Congenital hypothyroidism
Incidence
In the US: The incidence of congenital hypothyroidism, as detected through newborn screening, is approximately 1 per 4000. Internationally: In areas of iodine deficiency, the prevalence of goiter is reported to range from 5-15% of the population. Some of the highest incidences (1 in 1400 to 1 in 2000) have been reported from various locations in the Middle East.
Clinical Characteristics
Congenital hypothyroidism is a disorder of the thyroid metabolism characterized by a lower than normal effect of thyroid hormone.

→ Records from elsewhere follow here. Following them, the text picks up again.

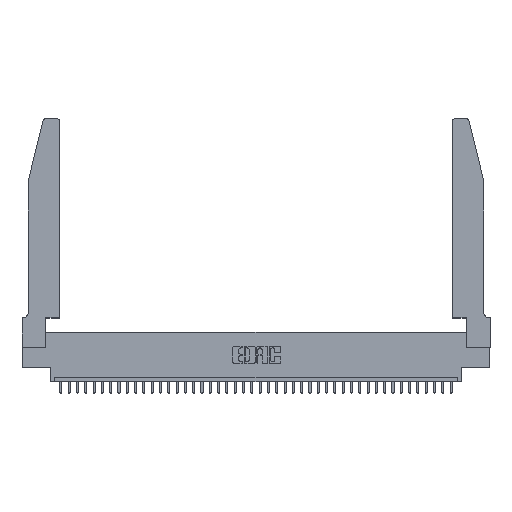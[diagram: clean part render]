
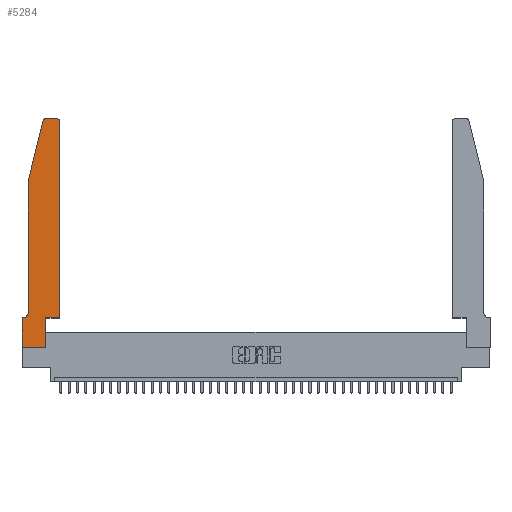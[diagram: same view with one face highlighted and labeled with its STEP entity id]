
A CAD part, top view. The second image highlights one B-rep face of the part: STEP entity #5284.
In plain terms, the highlighted planar face has unit normal (0, 0, 1).
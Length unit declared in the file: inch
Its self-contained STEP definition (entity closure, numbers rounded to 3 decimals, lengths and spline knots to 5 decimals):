
#175 = VERTEX_POINT ( 'NONE', #28486 ) ;
#679 = ORIENTED_EDGE ( 'NONE', *, *, #23679, .T. ) ;
#1529 = CARTESIAN_POINT ( 'NONE',  ( 0.2865, 0., 0.37 ) ) ;
#1793 = EDGE_CURVE ( 'NONE', #11242, #14190, #37915, .T. ) ;
#2279 = AXIS2_PLACEMENT_3D ( 'NONE', #30131, #39191, #28063 ) ;
#2856 = VERTEX_POINT ( 'NONE', #16690 ) ;
#2859 = DIRECTION ( 'NONE',  ( -1., 0., 0. ) ) ;
#2867 = EDGE_CURVE ( 'NONE', #13887, #35180, #8725, .T. ) ;
#3020 = VECTOR ( 'NONE', #22414, 39.37008 ) ;
#3100 = VERTEX_POINT ( 'NONE', #20989 ) ;
#3217 = VERTEX_POINT ( 'NONE', #18920 ) ;
#3447 = DIRECTION ( 'NONE',  ( 1., 0., 0. ) ) ;
#3684 = LINE ( 'NONE', #29597, #15870 ) ;
#4121 = ORIENTED_EDGE ( 'NONE', *, *, #23041, .T. ) ;
#4259 = DIRECTION ( 'NONE',  ( 1., 0., 0. ) ) ;
#4274 = CARTESIAN_POINT ( 'NONE',  ( 0.0755, 0.35, 0.37 ) ) ;
#4563 = VECTOR ( 'NONE', #32280, 39.37008 ) ;
#4675 = CARTESIAN_POINT ( 'NONE',  ( 0.2865, 0.35, 0.37 ) ) ;
#5122 = CARTESIAN_POINT ( 'NONE',  ( 0.4505, 0.35, 0.37 ) ) ;
#5284 = ADVANCED_FACE ( 'NONE', ( #20213 ), #31690, .T. ) ;
#5307 = DIRECTION ( 'NONE',  ( 0., -1., 0. ) ) ;
#5995 = LINE ( 'NONE', #27851, #17655 ) ;
#6214 = VERTEX_POINT ( 'NONE', #1529 ) ;
#6228 = ORIENTED_EDGE ( 'NONE', *, *, #26065, .T. ) ;
#7356 = CARTESIAN_POINT ( 'NONE',  ( 0., 0.35, 0.37 ) ) ;
#7607 = CARTESIAN_POINT ( 'NONE',  ( 0., 0., 0.37 ) ) ;
#8519 = VECTOR ( 'NONE', #30026, 39.37008 ) ;
#8578 = ORIENTED_EDGE ( 'NONE', *, *, #12896, .T. ) ;
#8725 = CIRCLE ( 'NONE', #2279, 0.03 ) ;
#9513 = LINE ( 'NONE', #28127, #31854 ) ;
#10729 = CARTESIAN_POINT ( 'NONE',  ( 0.284, 2.72, 0.37 ) ) ;
#11123 = AXIS2_PLACEMENT_3D ( 'NONE', #33790, #21836, #2859 ) ;
#11242 = VERTEX_POINT ( 'NONE', #4675 ) ;
#11274 = EDGE_CURVE ( 'NONE', #27654, #39608, #30009, .T. ) ;
#11482 = ORIENTED_EDGE ( 'NONE', *, *, #26590, .T. ) ;
#12200 = AXIS2_PLACEMENT_3D ( 'NONE', #31974, #38757, #37476 ) ;
#12896 = EDGE_CURVE ( 'NONE', #14190, #13887, #37554, .T. ) ;
#13887 = VERTEX_POINT ( 'NONE', #29110 ) ;
#14011 = EDGE_CURVE ( 'NONE', #6214, #11242, #5995, .T. ) ;
#14123 = ORIENTED_EDGE ( 'NONE', *, *, #11274, .T. ) ;
#14190 = VERTEX_POINT ( 'NONE', #5122 ) ;
#14530 = CIRCLE ( 'NONE', #26070, 0.03 ) ;
#15576 = CARTESIAN_POINT ( 'NONE',  ( 0.4505, 0.35, 0.37 ) ) ;
#15870 = VECTOR ( 'NONE', #5307, 39.37008 ) ;
#16202 = DIRECTION ( 'NONE',  ( 0., -1., 0. ) ) ;
#16690 = CARTESIAN_POINT ( 'NONE',  ( 0.0755, 2., 0.37 ) ) ;
#16909 = VECTOR ( 'NONE', #29235, 39.37008 ) ;
#17655 = VECTOR ( 'NONE', #30715, 39.37008 ) ;
#17838 = CARTESIAN_POINT ( 'NONE',  ( 0.0055, 0.35, 0.37 ) ) ;
#18236 = VECTOR ( 'NONE', #16202, 39.37008 ) ;
#18625 = EDGE_CURVE ( 'NONE', #35180, #3217, #32596, .T. ) ;
#18820 = ORIENTED_EDGE ( 'NONE', *, *, #1793, .T. ) ;
#18920 = CARTESIAN_POINT ( 'NONE',  ( 0.284, 2.75, 0.37 ) ) ;
#20213 = FACE_OUTER_BOUND ( 'NONE', #36302, .T. ) ;
#20256 = CARTESIAN_POINT ( 'NONE',  ( 0., 0., 0.37 ) ) ;
#20633 = EDGE_CURVE ( 'NONE', #3217, #3100, #14530, .T. ) ;
#20989 = CARTESIAN_POINT ( 'NONE',  ( 0.25487, 2.72718, 0.37 ) ) ;
#21083 = LINE ( 'NONE', #7607, #4563 ) ;
#21836 = DIRECTION ( 'NONE',  ( 0., 0., -1. ) ) ;
#22013 = CARTESIAN_POINT ( 'NONE',  ( 0., 0., 0.37 ) ) ;
#22264 = DIRECTION ( 'NONE',  ( -0.239, -0.971, 0. ) ) ;
#22414 = DIRECTION ( 'NONE',  ( -1., 0., 0. ) ) ;
#23041 = EDGE_CURVE ( 'NONE', #39608, #39783, #26496, .T. ) ;
#23679 = EDGE_CURVE ( 'NONE', #39783, #6214, #21083, .T. ) ;
#24045 = CARTESIAN_POINT ( 'NONE',  ( 0.4505, 0.35, 0.37 ) ) ;
#24533 = ORIENTED_EDGE ( 'NONE', *, *, #20633, .T. ) ;
#26065 = EDGE_CURVE ( 'NONE', #3100, #2856, #9513, .T. ) ;
#26070 = AXIS2_PLACEMENT_3D ( 'NONE', #10729, #35852, #4259 ) ;
#26496 = LINE ( 'NONE', #22013, #18236 ) ;
#26590 = EDGE_CURVE ( 'NONE', #175, #27654, #33293, .T. ) ;
#27654 = VERTEX_POINT ( 'NONE', #17838 ) ;
#27786 = VECTOR ( 'NONE', #3447, 39.37008 ) ;
#27851 = CARTESIAN_POINT ( 'NONE',  ( 0.2865, 0.35, 0.37 ) ) ;
#28063 = DIRECTION ( 'NONE',  ( 1., 0., 0. ) ) ;
#28127 = CARTESIAN_POINT ( 'NONE',  ( 0.0755, 2., 0.37 ) ) ;
#28486 = CARTESIAN_POINT ( 'NONE',  ( 0.0755, 0.42, 0.37 ) ) ;
#28923 = ORIENTED_EDGE ( 'NONE', *, *, #18625, .T. ) ;
#29110 = CARTESIAN_POINT ( 'NONE',  ( 0.4505, 2.72, 0.37 ) ) ;
#29235 = DIRECTION ( 'NONE',  ( -1., 0., 0. ) ) ;
#29597 = CARTESIAN_POINT ( 'NONE',  ( 0.0755, 2., 0.37 ) ) ;
#30009 = LINE ( 'NONE', #4274, #16909 ) ;
#30014 = ORIENTED_EDGE ( 'NONE', *, *, #14011, .T. ) ;
#30026 = DIRECTION ( 'NONE',  ( 0., 1., 0. ) ) ;
#30131 = CARTESIAN_POINT ( 'NONE',  ( 0.4205, 2.72, 0.37 ) ) ;
#30689 = ORIENTED_EDGE ( 'NONE', *, *, #2867, .T. ) ;
#30715 = DIRECTION ( 'NONE',  ( 0., 1., 0. ) ) ;
#31690 = PLANE ( 'NONE',  #12200 ) ;
#31854 = VECTOR ( 'NONE', #22264, 39.37008 ) ;
#31974 = CARTESIAN_POINT ( 'NONE',  ( 0., 0.35, 0.37 ) ) ;
#32280 = DIRECTION ( 'NONE',  ( 1., 0., 0. ) ) ;
#32596 = LINE ( 'NONE', #37451, #3020 ) ;
#33293 = CIRCLE ( 'NONE', #11123, 0.07 ) ;
#33790 = CARTESIAN_POINT ( 'NONE',  ( 0.0055, 0.42, 0.37 ) ) ;
#35180 = VERTEX_POINT ( 'NONE', #37901 ) ;
#35852 = DIRECTION ( 'NONE',  ( 0., 0., 1. ) ) ;
#35911 = ORIENTED_EDGE ( 'NONE', *, *, #36899, .T. ) ;
#36302 = EDGE_LOOP ( 'NONE', ( #28923, #24533, #6228, #35911, #11482, #14123, #4121, #679, #30014, #18820, #8578, #30689 ) ) ;
#36899 = EDGE_CURVE ( 'NONE', #2856, #175, #3684, .T. ) ;
#37451 = CARTESIAN_POINT ( 'NONE',  ( 0.2605, 2.75, 0.37 ) ) ;
#37476 = DIRECTION ( 'NONE',  ( 1., 0., 0. ) ) ;
#37554 = LINE ( 'NONE', #24045, #8519 ) ;
#37901 = CARTESIAN_POINT ( 'NONE',  ( 0.4205, 2.75, 0.37 ) ) ;
#37915 = LINE ( 'NONE', #15576, #27786 ) ;
#38757 = DIRECTION ( 'NONE',  ( 0., 0., 1. ) ) ;
#39191 = DIRECTION ( 'NONE',  ( 0., 0., 1. ) ) ;
#39608 = VERTEX_POINT ( 'NONE', #7356 ) ;
#39783 = VERTEX_POINT ( 'NONE', #20256 ) ;
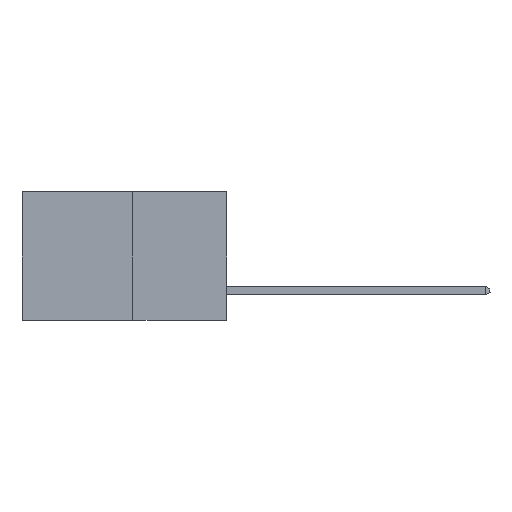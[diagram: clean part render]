
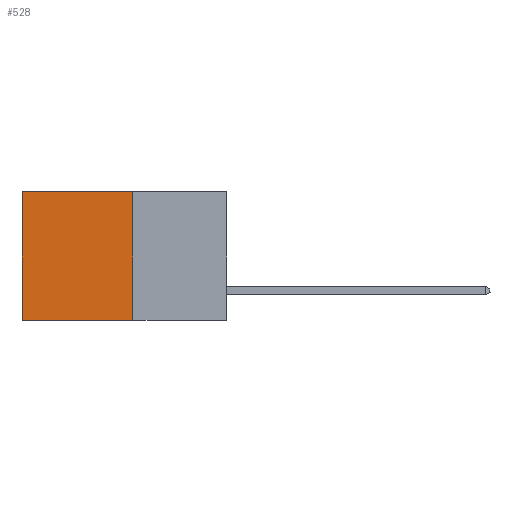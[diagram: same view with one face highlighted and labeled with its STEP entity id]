
A CAD part, left-side view. The second image highlights one B-rep face of the part: STEP entity #528.
In plain terms, the highlighted planar face has unit normal (-1, 0, 0).
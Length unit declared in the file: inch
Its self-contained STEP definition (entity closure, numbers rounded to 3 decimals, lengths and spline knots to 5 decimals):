
#342 = ORIENTED_EDGE ( 'NONE', *, *, #2774, .F. ) ;
#528 = ADVANCED_FACE ( 'NONE', ( #9116 ), #2567, .F. ) ;
#787 = CARTESIAN_POINT ( 'NONE',  ( 0.277, 0.27, -0.37 ) ) ;
#1221 = DIRECTION ( 'NONE',  ( 0., 1., 0. ) ) ;
#1351 = EDGE_CURVE ( 'NONE', #10840, #5115, #8943, .T. ) ;
#1613 = EDGE_LOOP ( 'NONE', ( #12283, #13608, #342, #11062 ) ) ;
#2567 = PLANE ( 'NONE',  #4683 ) ;
#2606 = VERTEX_POINT ( 'NONE', #5944 ) ;
#2774 = EDGE_CURVE ( 'NONE', #2606, #5126, #14835, .T. ) ;
#2959 = CARTESIAN_POINT ( 'NONE',  ( 0.277, 0.59, -0.37 ) ) ;
#3491 = DIRECTION ( 'NONE',  ( 0., 0., -1. ) ) ;
#3537 = DIRECTION ( 'NONE',  ( 1., 0., 0. ) ) ;
#3720 = VECTOR ( 'NONE', #1221, 39.37008 ) ;
#4683 = AXIS2_PLACEMENT_3D ( 'NONE', #787, #3537, #3491 ) ;
#5115 = VERTEX_POINT ( 'NONE', #12360 ) ;
#5126 = VERTEX_POINT ( 'NONE', #14371 ) ;
#5273 = DIRECTION ( 'NONE',  ( 0., 0., -1. ) ) ;
#5593 = CARTESIAN_POINT ( 'NONE',  ( 0.277, 0.27, -0.37 ) ) ;
#5779 = EDGE_CURVE ( 'NONE', #2606, #10840, #12828, .T. ) ;
#5944 = CARTESIAN_POINT ( 'NONE',  ( 0.277, 0.27, 0. ) ) ;
#6032 = VECTOR ( 'NONE', #10097, 39.37008 ) ;
#8566 = VECTOR ( 'NONE', #5273, 39.37008 ) ;
#8831 = CARTESIAN_POINT ( 'NONE',  ( 0.277, 0.27, -0.37 ) ) ;
#8943 = LINE ( 'NONE', #2959, #8566 ) ;
#9116 = FACE_OUTER_BOUND ( 'NONE', #1613, .T. ) ;
#9944 = DIRECTION ( 'NONE',  ( 0., 1., 0. ) ) ;
#10097 = DIRECTION ( 'NONE',  ( 0., 0., -1. ) ) ;
#10313 = EDGE_CURVE ( 'NONE', #5126, #5115, #12559, .T. ) ;
#10840 = VERTEX_POINT ( 'NONE', #10895 ) ;
#10892 = CARTESIAN_POINT ( 'NONE',  ( 0.277, 0.27, 0. ) ) ;
#10895 = CARTESIAN_POINT ( 'NONE',  ( 0.277, 0.59, 0. ) ) ;
#11062 = ORIENTED_EDGE ( 'NONE', *, *, #5779, .T. ) ;
#12283 = ORIENTED_EDGE ( 'NONE', *, *, #1351, .T. ) ;
#12360 = CARTESIAN_POINT ( 'NONE',  ( 0.277, 0.59, -0.37 ) ) ;
#12559 = LINE ( 'NONE', #8831, #14378 ) ;
#12828 = LINE ( 'NONE', #10892, #3720 ) ;
#13608 = ORIENTED_EDGE ( 'NONE', *, *, #10313, .F. ) ;
#14371 = CARTESIAN_POINT ( 'NONE',  ( 0.277, 0.27, -0.37 ) ) ;
#14378 = VECTOR ( 'NONE', #9944, 39.37008 ) ;
#14835 = LINE ( 'NONE', #5593, #6032 ) ;
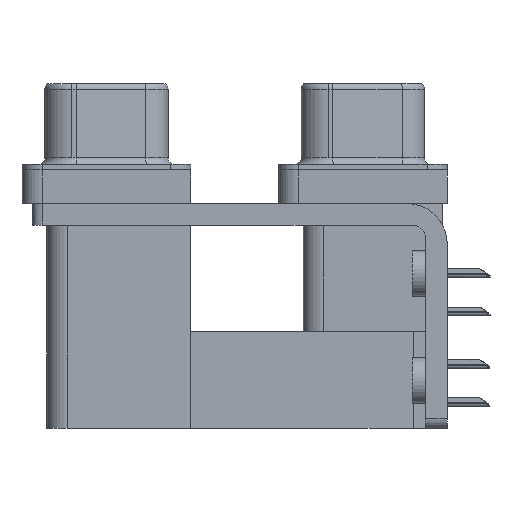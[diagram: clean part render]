
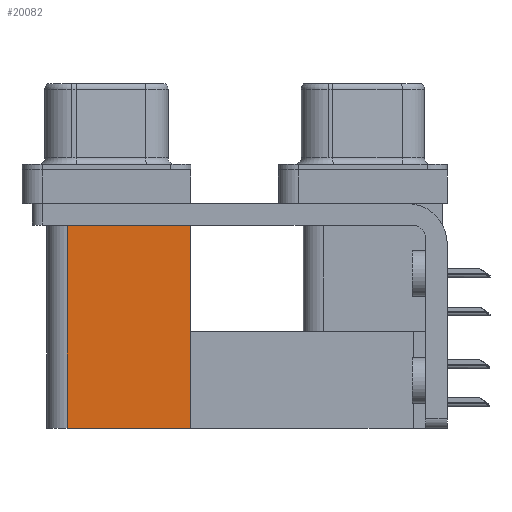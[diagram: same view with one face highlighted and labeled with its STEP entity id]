
A CAD part, left-side view. The second image highlights one B-rep face of the part: STEP entity #20082.
In plain terms, the highlighted planar face has unit normal (-1, 0, 0).
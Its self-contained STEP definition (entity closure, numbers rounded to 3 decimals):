
#81 = EDGE_LOOP ( 'NONE', ( #8357, #24715, #19786, #19420 ) ) ;
#932 = CARTESIAN_POINT ( 'NONE',  ( 3.7, 12.775, -19.2 ) ) ;
#1455 = DIRECTION ( 'NONE',  ( 0., 1., 0. ) ) ;
#2143 = CARTESIAN_POINT ( 'NONE',  ( 3.7, 12.775, -2.5 ) ) ;
#2767 = VECTOR ( 'NONE', #24634, 1000. ) ;
#5806 = CARTESIAN_POINT ( 'NONE',  ( 3.7, 21.975, -19.2 ) ) ;
#7250 = LINE ( 'NONE', #932, #9651 ) ;
#8322 = FACE_OUTER_BOUND ( 'NONE', #81, .T. ) ;
#8357 = ORIENTED_EDGE ( 'NONE', *, *, #29410, .T. ) ;
#8720 = VECTOR ( 'NONE', #1455, 1000. ) ;
#9424 = EDGE_CURVE ( 'NONE', #25589, #16375, #22488, .T. ) ;
#9651 = VECTOR ( 'NONE', #13802, 1000. ) ;
#10129 = CARTESIAN_POINT ( 'NONE',  ( 3.7, 12.775, -2.5 ) ) ;
#10225 = CARTESIAN_POINT ( 'NONE',  ( 3.7, 12.775, -19.2 ) ) ;
#10582 = PLANE ( 'NONE',  #36555 ) ;
#12177 = LINE ( 'NONE', #27696, #2767 ) ;
#13754 = CARTESIAN_POINT ( 'NONE',  ( 3.7, 21.975, -2.5 ) ) ;
#13802 = DIRECTION ( 'NONE',  ( 0., 0., 1. ) ) ;
#16375 = VERTEX_POINT ( 'NONE', #5806 ) ;
#18087 = VERTEX_POINT ( 'NONE', #10129 ) ;
#19420 = ORIENTED_EDGE ( 'NONE', *, *, #37511, .T. ) ;
#19786 = ORIENTED_EDGE ( 'NONE', *, *, #9424, .F. ) ;
#20082 = ADVANCED_FACE ( 'NONE', ( #8322 ), #10582, .F. ) ;
#22351 = VECTOR ( 'NONE', #30316, 1000. ) ;
#22488 = LINE ( 'NONE', #10225, #8720 ) ;
#24634 = DIRECTION ( 'NONE',  ( 0., 0., 1. ) ) ;
#24715 = ORIENTED_EDGE ( 'NONE', *, *, #28998, .F. ) ;
#25589 = VERTEX_POINT ( 'NONE', #35120 ) ;
#26510 = CARTESIAN_POINT ( 'NONE',  ( 3.7, 12.775, -19.2 ) ) ;
#27098 = VERTEX_POINT ( 'NONE', #13754 ) ;
#27696 = CARTESIAN_POINT ( 'NONE',  ( 3.7, 21.975, -19.2 ) ) ;
#28998 = EDGE_CURVE ( 'NONE', #16375, #27098, #12177, .T. ) ;
#29410 = EDGE_CURVE ( 'NONE', #18087, #27098, #39715, .T. ) ;
#30316 = DIRECTION ( 'NONE',  ( 0., 1., 0. ) ) ;
#35120 = CARTESIAN_POINT ( 'NONE',  ( 3.7, 12.775, -19.2 ) ) ;
#36100 = DIRECTION ( 'NONE',  ( 1., 0., 0. ) ) ;
#36555 = AXIS2_PLACEMENT_3D ( 'NONE', #26510, #36100, #38978 ) ;
#37511 = EDGE_CURVE ( 'NONE', #25589, #18087, #7250, .T. ) ;
#38978 = DIRECTION ( 'NONE',  ( 0., 1., 0. ) ) ;
#39715 = LINE ( 'NONE', #2143, #22351 ) ;

The incidence in the population is 1:4,000. A developmental defects of the thyroid gland (dysgenesis, hypoplastic, agenesis, ectopia) account for 90% of the cases of congenital hypothyroidism. While percentages of specific etiologies vary from country to country, ranges are as follows: Ectopic thyroid, 25-50% . Thyroid agenesis, 20-50% . Dyshormonogenesis, 4-15% . Hypothalamic-pituitary dysfunction, 10-15%. It may be familial or sporadic. In the absence of treatment it leads to infantile hypotonia, lack of crying, psychomotor delay, somnolence, respiratory distress syndrome, cardiomegaly, slow heart rate, constipation, delayed dentation, macroglossia and goiter. Infants with obvious findings of hypothyroidism (eg, macroglossia, enlarged fontanelle, hypotonia) at the time of diagnosis have IQs 10-20 points lower than infants without such findings. Anemia is due to decreased oxygen carrying requirement. Hyperreflexive jerk with profound slowing of the return phase occurs. All neonates are now screened at 48 hours for TSH (and/or T4) from a blood drop placed on filter paper. If screened positive the infant is given thyroid hormone.The prognosis is good: normal growth, intelligence, and life span if detected within the first few weeks of life.
Precipitants
None.
Provocation Tests
None.
Diagnostic Procedures
Diagnosis of primary hypothyroidism is confirmed by demonstrating decreased levels of serum thyroid hormone (total or free T4) and elevated levels of TSH. If maternal antibody-mediated hypothyroidism is suspected, maternal or neonatal antithyroid antibodies may confirm the diagnosis.